Building and Submitting

Basically there are two phases to submitting a project to PyPI: build and upload. During the upload phase you first send to PyPI Test to make sure everything is good, then send to PyPI live.

Build

First build the package for distribution along with the binary wheel distribution:

$ python setup.py sdist bdist_wheel

This will create a build directory with the binary distribution, a foo.egg-info directory with packaging information, and finally a dist directory with two packages, the versioned distribution (foo-0.1.tar.gz) and the wheel (foo-0.1-py2-none-any.whl). Note that if you’re using my Makefile, make clean will clean up all of this extra stuff, but it should be ignored in your .gitignore already.

At this point you can (and should) test both the wheel and the sdist package by creating a virtual environment and attempting to install the package with pip directly as follows:

$ virtualenv venv
...
$ source venv/bin/activate
$ pip install dist/foo-0.1.tar.gz
$ python
>>> import foo
>>> print foo.__version__
0.1
>>> exit()
$ deactivate
$ rm -rf venv

Upload

The first step to submitting your package to an index server is to register it.

$ python setup.py register -r pypitest

The -r flag here specifies which index server you wish to use as listed by the .pypirc file. We can then upload the package with twine, which is the currently preferred method of uploading due to its security (TLS) and ability to prebuild and test. If you don’t have twine setup, simply pip install it.
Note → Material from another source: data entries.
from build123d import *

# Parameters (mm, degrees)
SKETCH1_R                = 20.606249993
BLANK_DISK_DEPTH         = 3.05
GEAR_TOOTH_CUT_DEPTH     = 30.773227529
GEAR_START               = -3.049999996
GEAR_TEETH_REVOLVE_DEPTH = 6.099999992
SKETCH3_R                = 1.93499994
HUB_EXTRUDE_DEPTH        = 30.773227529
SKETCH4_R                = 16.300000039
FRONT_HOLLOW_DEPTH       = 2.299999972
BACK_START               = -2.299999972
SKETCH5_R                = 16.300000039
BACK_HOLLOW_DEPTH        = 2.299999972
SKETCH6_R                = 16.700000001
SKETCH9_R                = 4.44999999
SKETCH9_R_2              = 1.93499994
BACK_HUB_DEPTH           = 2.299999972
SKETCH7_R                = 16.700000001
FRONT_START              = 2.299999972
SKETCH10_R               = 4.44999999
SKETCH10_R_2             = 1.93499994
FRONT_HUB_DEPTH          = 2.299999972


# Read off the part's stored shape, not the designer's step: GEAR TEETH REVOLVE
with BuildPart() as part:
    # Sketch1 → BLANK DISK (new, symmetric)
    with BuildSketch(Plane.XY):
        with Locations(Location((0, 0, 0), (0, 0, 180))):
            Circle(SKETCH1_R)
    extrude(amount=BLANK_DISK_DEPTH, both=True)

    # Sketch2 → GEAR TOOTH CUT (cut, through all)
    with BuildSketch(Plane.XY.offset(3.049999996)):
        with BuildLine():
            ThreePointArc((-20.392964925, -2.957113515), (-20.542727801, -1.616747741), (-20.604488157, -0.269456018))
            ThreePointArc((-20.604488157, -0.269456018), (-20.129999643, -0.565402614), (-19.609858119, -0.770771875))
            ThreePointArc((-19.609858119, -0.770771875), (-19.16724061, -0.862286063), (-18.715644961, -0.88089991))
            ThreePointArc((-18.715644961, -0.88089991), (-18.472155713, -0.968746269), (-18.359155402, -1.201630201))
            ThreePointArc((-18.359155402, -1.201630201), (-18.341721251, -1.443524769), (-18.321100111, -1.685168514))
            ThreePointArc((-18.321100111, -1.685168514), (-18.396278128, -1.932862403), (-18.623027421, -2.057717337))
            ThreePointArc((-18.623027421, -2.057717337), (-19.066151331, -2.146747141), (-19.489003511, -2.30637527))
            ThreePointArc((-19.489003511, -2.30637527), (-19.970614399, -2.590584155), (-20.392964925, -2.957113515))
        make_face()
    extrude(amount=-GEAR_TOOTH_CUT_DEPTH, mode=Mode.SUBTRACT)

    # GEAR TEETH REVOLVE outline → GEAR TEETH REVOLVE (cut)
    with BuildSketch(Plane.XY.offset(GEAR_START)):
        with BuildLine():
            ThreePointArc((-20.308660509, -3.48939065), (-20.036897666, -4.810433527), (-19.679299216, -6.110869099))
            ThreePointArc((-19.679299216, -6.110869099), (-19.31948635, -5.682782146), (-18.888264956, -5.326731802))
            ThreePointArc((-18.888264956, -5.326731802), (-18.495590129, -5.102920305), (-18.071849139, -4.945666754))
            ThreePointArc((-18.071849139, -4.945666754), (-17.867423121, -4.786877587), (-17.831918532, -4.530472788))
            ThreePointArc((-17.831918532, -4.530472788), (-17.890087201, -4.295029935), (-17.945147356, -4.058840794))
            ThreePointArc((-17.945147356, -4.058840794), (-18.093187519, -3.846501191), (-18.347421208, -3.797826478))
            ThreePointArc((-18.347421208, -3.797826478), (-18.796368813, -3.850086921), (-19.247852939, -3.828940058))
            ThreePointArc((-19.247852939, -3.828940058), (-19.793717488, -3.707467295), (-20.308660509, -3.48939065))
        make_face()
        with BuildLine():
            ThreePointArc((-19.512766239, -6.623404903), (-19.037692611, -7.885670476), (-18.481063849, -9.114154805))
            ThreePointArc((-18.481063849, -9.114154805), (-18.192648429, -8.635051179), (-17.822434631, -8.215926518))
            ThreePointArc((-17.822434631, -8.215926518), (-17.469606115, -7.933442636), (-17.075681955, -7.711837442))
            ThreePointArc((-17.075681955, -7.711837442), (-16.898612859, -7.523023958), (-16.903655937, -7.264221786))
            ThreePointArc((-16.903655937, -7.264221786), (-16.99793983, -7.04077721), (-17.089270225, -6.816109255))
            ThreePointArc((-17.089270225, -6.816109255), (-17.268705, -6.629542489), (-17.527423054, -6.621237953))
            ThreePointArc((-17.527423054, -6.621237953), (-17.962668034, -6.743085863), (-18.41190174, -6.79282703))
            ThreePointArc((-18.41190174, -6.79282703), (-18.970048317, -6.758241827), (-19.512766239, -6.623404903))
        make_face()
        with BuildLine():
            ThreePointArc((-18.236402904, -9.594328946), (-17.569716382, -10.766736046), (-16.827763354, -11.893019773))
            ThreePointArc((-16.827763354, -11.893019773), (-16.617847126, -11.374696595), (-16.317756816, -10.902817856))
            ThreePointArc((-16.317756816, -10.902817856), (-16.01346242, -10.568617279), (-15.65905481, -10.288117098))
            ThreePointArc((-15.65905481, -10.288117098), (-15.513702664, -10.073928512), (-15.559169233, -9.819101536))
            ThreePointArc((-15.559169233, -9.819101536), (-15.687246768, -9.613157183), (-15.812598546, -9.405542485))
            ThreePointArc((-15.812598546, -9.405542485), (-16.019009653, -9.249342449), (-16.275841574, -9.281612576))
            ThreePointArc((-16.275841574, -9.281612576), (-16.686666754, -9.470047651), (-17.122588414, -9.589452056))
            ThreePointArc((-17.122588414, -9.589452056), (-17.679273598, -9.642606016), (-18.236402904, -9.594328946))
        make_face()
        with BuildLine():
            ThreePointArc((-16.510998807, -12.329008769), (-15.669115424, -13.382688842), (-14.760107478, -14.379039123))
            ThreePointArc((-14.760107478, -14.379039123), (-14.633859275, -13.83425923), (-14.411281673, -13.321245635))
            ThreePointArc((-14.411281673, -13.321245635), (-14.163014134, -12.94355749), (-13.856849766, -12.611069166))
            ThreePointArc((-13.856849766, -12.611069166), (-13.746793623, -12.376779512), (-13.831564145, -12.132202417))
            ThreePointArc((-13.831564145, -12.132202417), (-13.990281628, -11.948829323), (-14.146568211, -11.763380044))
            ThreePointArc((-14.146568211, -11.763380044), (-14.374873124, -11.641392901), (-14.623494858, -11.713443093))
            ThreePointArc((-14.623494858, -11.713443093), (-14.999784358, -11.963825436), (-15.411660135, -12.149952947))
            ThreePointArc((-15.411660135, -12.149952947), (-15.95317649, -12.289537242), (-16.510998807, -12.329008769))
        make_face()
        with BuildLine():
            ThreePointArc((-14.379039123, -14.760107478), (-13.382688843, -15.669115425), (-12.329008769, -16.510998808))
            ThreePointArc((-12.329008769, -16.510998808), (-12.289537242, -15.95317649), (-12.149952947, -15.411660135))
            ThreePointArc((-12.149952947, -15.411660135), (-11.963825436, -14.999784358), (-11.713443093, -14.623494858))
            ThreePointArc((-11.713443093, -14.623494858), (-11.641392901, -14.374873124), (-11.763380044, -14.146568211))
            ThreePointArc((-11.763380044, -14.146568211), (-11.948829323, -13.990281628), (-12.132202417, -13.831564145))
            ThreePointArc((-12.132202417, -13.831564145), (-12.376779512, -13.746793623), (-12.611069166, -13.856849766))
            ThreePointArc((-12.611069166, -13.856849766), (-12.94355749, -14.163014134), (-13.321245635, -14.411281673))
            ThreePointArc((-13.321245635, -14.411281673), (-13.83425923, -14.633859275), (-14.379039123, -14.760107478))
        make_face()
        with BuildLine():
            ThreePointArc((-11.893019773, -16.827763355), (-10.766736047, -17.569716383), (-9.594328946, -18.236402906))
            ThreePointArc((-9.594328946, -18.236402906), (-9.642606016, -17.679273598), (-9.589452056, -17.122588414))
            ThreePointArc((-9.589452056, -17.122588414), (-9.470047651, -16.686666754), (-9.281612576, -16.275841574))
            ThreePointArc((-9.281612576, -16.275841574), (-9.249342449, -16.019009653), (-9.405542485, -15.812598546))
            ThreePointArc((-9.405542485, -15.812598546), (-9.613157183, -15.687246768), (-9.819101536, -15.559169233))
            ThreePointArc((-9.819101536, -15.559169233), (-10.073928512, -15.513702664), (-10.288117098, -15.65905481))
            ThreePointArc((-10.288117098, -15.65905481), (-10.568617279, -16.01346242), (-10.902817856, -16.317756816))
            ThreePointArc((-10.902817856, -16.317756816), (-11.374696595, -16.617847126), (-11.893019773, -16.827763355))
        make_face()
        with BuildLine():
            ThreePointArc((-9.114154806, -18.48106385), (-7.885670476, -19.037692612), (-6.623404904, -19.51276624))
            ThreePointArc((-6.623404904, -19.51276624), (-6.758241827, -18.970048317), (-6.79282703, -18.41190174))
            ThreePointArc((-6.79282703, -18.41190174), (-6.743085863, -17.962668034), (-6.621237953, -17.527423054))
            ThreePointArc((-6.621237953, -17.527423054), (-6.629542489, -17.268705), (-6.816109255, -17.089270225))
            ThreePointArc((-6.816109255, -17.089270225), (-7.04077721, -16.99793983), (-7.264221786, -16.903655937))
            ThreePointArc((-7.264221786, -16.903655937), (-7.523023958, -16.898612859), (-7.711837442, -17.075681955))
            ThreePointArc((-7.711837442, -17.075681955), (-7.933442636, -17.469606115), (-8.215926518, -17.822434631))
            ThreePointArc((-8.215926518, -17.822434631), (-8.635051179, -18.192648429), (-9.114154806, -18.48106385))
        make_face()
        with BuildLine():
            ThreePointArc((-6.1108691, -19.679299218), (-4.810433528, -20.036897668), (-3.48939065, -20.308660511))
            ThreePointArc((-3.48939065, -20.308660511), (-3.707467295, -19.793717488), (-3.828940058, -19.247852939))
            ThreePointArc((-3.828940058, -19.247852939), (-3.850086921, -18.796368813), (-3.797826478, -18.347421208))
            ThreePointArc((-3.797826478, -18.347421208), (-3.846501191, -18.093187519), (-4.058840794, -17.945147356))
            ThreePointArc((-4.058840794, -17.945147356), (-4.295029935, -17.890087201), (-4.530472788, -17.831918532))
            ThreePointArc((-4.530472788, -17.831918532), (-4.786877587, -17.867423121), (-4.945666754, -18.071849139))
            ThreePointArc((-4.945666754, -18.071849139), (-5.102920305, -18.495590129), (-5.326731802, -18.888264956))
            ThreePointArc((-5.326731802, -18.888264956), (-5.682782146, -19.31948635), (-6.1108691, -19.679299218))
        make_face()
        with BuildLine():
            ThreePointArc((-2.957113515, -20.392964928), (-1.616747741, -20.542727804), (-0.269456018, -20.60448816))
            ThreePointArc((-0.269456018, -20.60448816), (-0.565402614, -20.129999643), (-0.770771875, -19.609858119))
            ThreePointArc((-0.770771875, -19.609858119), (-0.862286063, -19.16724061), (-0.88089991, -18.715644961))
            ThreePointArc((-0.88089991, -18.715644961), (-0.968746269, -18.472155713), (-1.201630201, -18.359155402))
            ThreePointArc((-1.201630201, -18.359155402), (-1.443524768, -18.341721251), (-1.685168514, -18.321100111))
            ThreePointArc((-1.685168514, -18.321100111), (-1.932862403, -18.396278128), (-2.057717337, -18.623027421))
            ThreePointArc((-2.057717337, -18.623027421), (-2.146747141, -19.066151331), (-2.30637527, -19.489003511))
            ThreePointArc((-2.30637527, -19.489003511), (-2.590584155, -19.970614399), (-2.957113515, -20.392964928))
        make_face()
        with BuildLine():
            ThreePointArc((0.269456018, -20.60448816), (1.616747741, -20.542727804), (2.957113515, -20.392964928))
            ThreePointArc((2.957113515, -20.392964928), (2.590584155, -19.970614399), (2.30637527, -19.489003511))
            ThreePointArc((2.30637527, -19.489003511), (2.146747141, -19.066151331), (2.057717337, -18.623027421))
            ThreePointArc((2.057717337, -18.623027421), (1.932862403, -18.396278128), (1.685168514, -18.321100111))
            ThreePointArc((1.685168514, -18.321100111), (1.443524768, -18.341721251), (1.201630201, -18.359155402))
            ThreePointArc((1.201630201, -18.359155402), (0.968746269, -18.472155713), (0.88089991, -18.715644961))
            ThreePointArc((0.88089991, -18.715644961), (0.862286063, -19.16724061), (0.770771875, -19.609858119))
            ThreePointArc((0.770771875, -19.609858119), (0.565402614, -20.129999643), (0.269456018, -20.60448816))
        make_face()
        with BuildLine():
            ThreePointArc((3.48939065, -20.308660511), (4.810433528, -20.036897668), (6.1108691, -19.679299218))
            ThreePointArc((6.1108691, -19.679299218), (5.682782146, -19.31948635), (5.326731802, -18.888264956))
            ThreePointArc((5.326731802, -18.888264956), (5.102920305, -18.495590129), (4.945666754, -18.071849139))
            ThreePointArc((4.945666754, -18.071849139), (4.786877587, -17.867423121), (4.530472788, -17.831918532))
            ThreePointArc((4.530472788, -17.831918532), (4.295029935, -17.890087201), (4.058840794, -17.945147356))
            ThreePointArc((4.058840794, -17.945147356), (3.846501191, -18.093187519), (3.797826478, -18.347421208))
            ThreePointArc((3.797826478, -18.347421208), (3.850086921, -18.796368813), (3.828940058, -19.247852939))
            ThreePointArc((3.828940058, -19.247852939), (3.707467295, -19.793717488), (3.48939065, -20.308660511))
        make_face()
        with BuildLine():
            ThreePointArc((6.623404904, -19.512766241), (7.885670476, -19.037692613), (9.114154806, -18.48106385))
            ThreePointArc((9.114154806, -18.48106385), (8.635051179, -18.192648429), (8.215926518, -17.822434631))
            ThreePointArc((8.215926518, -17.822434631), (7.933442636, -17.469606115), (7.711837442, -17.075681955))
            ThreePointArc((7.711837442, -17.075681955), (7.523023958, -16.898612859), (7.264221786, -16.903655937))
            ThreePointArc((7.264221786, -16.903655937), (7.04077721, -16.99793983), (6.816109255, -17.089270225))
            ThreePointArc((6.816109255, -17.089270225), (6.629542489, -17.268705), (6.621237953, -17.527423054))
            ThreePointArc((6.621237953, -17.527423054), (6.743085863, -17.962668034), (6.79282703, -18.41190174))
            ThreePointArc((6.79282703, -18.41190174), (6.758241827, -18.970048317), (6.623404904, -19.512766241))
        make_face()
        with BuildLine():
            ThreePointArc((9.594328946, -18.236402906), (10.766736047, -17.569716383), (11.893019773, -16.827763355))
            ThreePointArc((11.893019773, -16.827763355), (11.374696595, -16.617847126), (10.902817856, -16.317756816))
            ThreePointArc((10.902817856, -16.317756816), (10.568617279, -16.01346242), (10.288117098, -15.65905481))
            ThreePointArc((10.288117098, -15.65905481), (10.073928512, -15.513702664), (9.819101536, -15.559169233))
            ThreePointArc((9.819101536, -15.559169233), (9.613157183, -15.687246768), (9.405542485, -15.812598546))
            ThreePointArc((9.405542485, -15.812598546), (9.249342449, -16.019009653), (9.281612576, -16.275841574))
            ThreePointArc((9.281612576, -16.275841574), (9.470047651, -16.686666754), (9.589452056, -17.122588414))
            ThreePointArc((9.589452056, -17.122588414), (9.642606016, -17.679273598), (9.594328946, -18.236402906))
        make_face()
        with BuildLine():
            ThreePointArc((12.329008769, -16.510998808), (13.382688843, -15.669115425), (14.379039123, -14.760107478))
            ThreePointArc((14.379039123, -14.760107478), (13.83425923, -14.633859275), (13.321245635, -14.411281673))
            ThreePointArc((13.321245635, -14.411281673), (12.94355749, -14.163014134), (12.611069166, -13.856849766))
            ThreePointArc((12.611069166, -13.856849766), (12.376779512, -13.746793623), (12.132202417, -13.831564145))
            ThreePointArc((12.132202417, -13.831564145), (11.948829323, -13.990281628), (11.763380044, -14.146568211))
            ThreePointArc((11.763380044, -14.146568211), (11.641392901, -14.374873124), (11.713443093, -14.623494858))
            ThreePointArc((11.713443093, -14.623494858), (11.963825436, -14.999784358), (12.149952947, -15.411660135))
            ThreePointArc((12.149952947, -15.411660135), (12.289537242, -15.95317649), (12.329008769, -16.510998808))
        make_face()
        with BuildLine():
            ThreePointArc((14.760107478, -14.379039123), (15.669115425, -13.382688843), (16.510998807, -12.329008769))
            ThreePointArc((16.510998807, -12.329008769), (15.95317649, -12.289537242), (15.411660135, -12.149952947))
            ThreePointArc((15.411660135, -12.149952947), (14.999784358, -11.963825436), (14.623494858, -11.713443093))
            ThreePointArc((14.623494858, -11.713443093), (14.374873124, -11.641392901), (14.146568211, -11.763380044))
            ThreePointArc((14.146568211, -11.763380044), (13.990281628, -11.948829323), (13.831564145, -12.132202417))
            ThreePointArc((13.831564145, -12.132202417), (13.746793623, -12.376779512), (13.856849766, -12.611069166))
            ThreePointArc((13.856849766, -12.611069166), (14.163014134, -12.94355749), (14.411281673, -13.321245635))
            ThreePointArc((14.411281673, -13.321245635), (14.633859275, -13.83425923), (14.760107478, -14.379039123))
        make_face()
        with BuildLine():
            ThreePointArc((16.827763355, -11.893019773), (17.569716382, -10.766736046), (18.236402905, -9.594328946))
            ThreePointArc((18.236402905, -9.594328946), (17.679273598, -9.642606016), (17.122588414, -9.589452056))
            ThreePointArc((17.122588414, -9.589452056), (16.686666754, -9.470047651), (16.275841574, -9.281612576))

$ twine upload -r pypitest dist/foo-0.1*

Note that you can also sign the package with a GnuPG key with the -s option, but we will skip that for now. Once again, we should test our packages with a virtual environment as above, but this time downloading them from PyPI Test directly:

$ pip install -i https://testpypi.python.org/pypi foo

Once this is done and everything is ready to rock, you can repeat the process for uploading to the package to PyPI, simplified here as follows:

$ python setup.py register
$ twine upload dist/foo-0.1*

Documentation

Did you know that PyPI hosts documentation? Well, it does, and even though you’re mainly hosting on Read the Docs which gets built on each push; it’s pretty handy to upload those same docs to PyPI.

Assuming you’re using MkDocs as recommended then you can upload this documentation as follows:

$ mkdocs build --clean
$ python setup.py upload_docs --upload-dir=site

Clean Up

You’ll probably want to clean up after yourself, which is as simple as make clean if you’re using my Makefile. If you’d like to do it with bash it’s as follows:

$ find . -name "*.pyc" -print0 | xargs -0 rm -rf
$ rm -rf htmlcov
$ rm -rf .coverage
$ rm -rf build
$ rm -rf dist
$ rm -rf foo.egg-info

Also you should probably remove that site folder created by the documentation build.

Conclusion

Hopefully this post makes your life easier by giving you a simple guide to push new packages to PyPI. I know I shoot fast and loose with some of the stuff, but the post was super long anyway. If you’re really looking for awesome integrations, checkout How to Travis-CI Deploy for automatic deployment after testing.